The phylogeny and gene family changes among 26 Lepidoptera species. The divergence times were estimated by r8s using the calibration time from Timetree. The values labeled at terminals denote the number of significantly expanded and contracted gene families. “1:1:1” represents universal single-copy genes in all species, “N:N:N” represents multi-copy genes, “others” represents unclassified orthologues, and “unassigned” represents orthologues that cannot be assigned to any orthogroups.

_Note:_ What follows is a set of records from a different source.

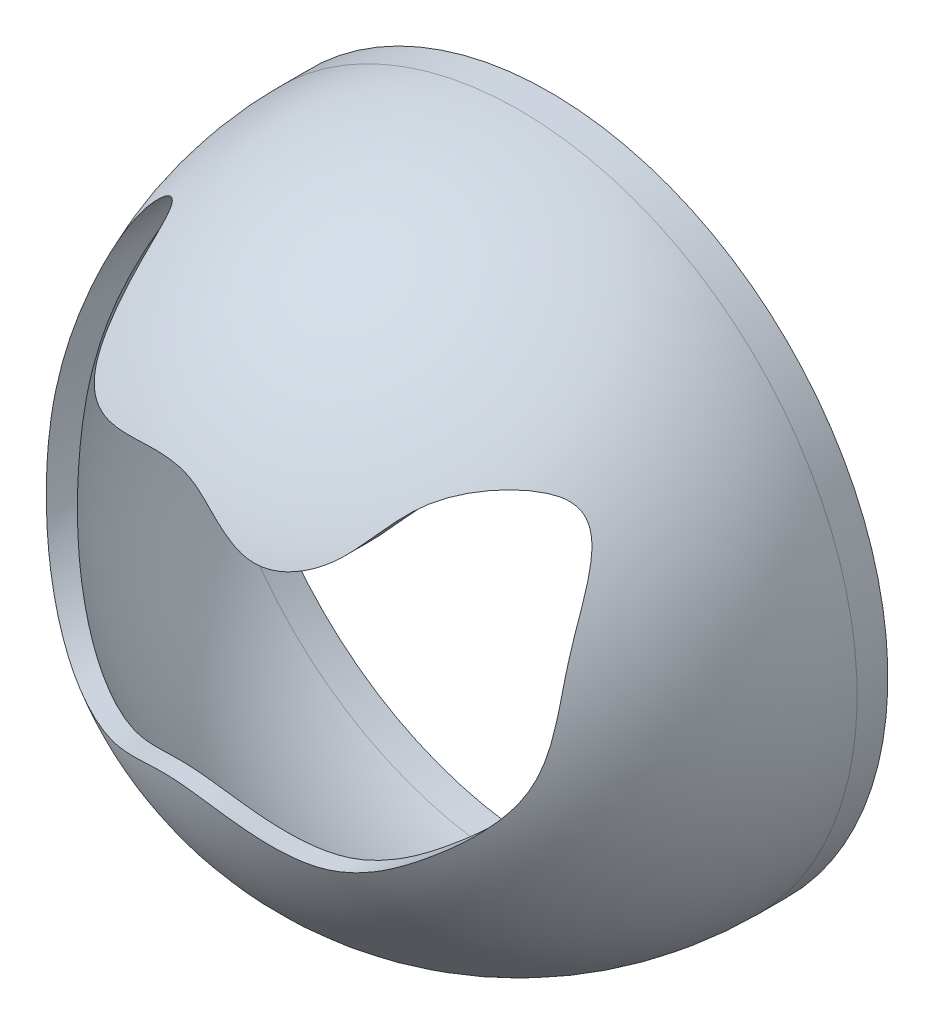
SolidWorks part; units mm, degrees
ref_plane "Front Plane" through (0, 0, 0) normal (0, 0, 1) x (1, 0, 0)
ref_plane "Top Plane" through (0, 0, 0) normal (0, 1, 0) x (1, 0, 0)
ref_plane "Right Plane" through (0, 0, 0) normal (1, 0, 0) x (0, 0, -1)
sketch "Sketch2" plane through (0, 0, 0) normal (1, 0, 0) x (0, 0, -1)
  line L7 (90.5803, 0) -> (147.5803, 0)
  line L8 (147.5803, 0) -> (147.5803, 52)
  line L9 (147.5803, 52) -> (142.5803, 52)
  line L10 (142.5803, 52) -> (142.5803, 0) construction
  line L11 (90.5803, 0) -> (46.7658, 0) construction
  arc A1 (142.5803, 52) -> (90.5803, 0) centre (142.5803, 0) ccw
  dimension "D4" = 52
  dimension "D3" = 5
revolve "Revolve1" add sketch "Sketch2" angle 360 about L11
shell "Shell1" thickness 3 removed face at (-52, 0, -147.5803) outward yes
sketch "Sketch5" plane through (0, 0, 0) normal (0, 1, 0) x (1, 0, 0)
  line L0 (-55, 147.5803) -> (55, 147.5803) construction
  line L1 (55, 147.5803) -> (-55, 147.5803) construction
  line L2 (0, 147.5803) -> (0, 100.0199) construction
  line L4 (-32, 147.5803) -> (32, 147.5803)
  line L5 (-32, 147.5803) -> (-32, 106.5803)
  line L6 (-32, 106.5803) -> (32, 106.5803)
  line L7 (32, 147.5803) -> (32, 106.5803)
  point P12 (0, 147.5803)
  dimension "D1" = 64
  dimension "D2" = 41
ref_plane "Plane1" through (0, 0, -67.5803) normal (0, 0, -1) x (-1, 0, 0)
ref_plane "Plane2" through (0, 0, -147.5803) normal (0, 0, 1) x (1, 0, 0)
ref_plane "Plane3" through (0, 0, -147.5803) normal (0, 0, -1) x (-1, 0, 0)
sketch "Sketch9" plane through (0, 0, -67.5803) normal (0, 0, -1) x (-1, 0, 0)
  line L0 (-55.6458, -11.9943) -> (52.3542, -11.9943) construction
  spline S0 degree 3 poles (44.8161, 28.0236) (28.7277, 42.6743) (32.54, 20.2387) (15.8788, 24.1621) (4.2119, 27.0484) (-6.5106, 18.0686) (-18.3342, 22.6851) (-23.1434, 32.6857) (-39.6569, 33.7699) (-41.598, 14.1347) (-41.9669, -2.745) (-29.8368, -13.8632) (-17.2043, -21.4083) (-6.0413, -16.0953) (5.6294, -13.1484) (17.3221, -19.5249) (33.3647, -17.5828) (45.6329, -4.5882) (45.83, 14.0305) (44.8161, 28.0236) (28.7277, 42.6743) (32.54, 20.2387) knots -0.180304 -0.109918 -0.040571 0 0.051097 0.09419 0.148468 0.194376 0.235839 0.274592 0.317068 0.383104 0.457294 0.510351 0.565253 0.613192 0.644405 0.701513 0.757417 0.819696 0.890082 0.959429 1 1.051097 1.09419 1.148468 only from (32.0815, 37.0933) to (32.0815, 37.0933)
extrude "Cut-Extrude1" cut sketch "Sketch9" along normal blind 70

Gene family evolution (expansion or contraction) was estimated using CAFÉ v4.2.175 based on the generated phylogenetic tree, revealing 820 expanded and 1,449 contracted gene families in P. chlorochroalis, including 39 gene families that underwent rapid evolution (35 expansions and 4 contractions). The significantly expanded families included the Reverse transcriptase, CCHC-type ___domain-containing protein, Ribonuclease H protein, Chitin-binding and other families that play important roles in the development, metabolism, and adaptive evolution of P. chlorochroalis (Table S5). Subsequently, functional enrichment (GO and KEGG) analysis on PCGs from significantly expanded families were performed using ClusterProfiler v4.0.176 with default parameters. The enrichment of GO and KEGG in rapidly expanding families further indicates their function in the membrane biogenesis, cell-cell junction, lipid biosynthesis, and signaling pathway, among others (Figure S5a,b).

Chromosome synteny

To investigate interspecific chromosomal evolution, the genome of P. chlorochroalis was compared against with that of B. mori and D. saccharalis. The pairwise synteny were searched, filtered, and visualized using JCVI77, the subset of blocks were extracted with following options “--minspan = 30 --simple”. Syntenic analyses showed that 80 syntenic blocks (8,500 gene pairs contained 16,998 collinear genes) between P. chlorochroalis and B. mori and 99 syntenic blocks (8,851 gene pairs contained 17,694 collinear genes) between P. chlorochroalis and D. saccharalis were conserved. The average number of genes per block was 106 and 89, while a notable 33.75% (27 blocks) and 23.23% (23 blocks) contained over 100 collinear genes for P. chlorochroalis vs. B. mori and P. chlorochroalis vs. D. saccharalis, respectively. Notably, the analysis revealed that the three B. mori chromosomes 11, 23 and 24 were clearly divided into three pairs in P. chlorochroalis: 10 and 29, 13 and 30, 27 and 31, respectively (Fig. 4). The D. saccharalis chromosomes 1~5, 7, 8 and 20 were divided into eight pairs in P. chlorochroalis: 1 and 21, 16 and 18, 17 and 22, 8 and 24, 20 and 25, 7 and 23, 19 and 26, 27 and 31, respectively; D. saccharalis chromosomes 6 divided into 3 chromosomes in P. chlorochroalis (13, 28 and 29); while D. saccharalis chromosomes 22 and 23 merged into one chromosome in P. chlorochroalis (30); D. saccharalis chromosomes 21 should be the chromosome W which not represented in current P. chlorochroalis genome assembly.

Fig. 4
figure 4

Chromosomal synteny between Parotis chlorochroalis, Diatraea saccharalis and Bombyx mori.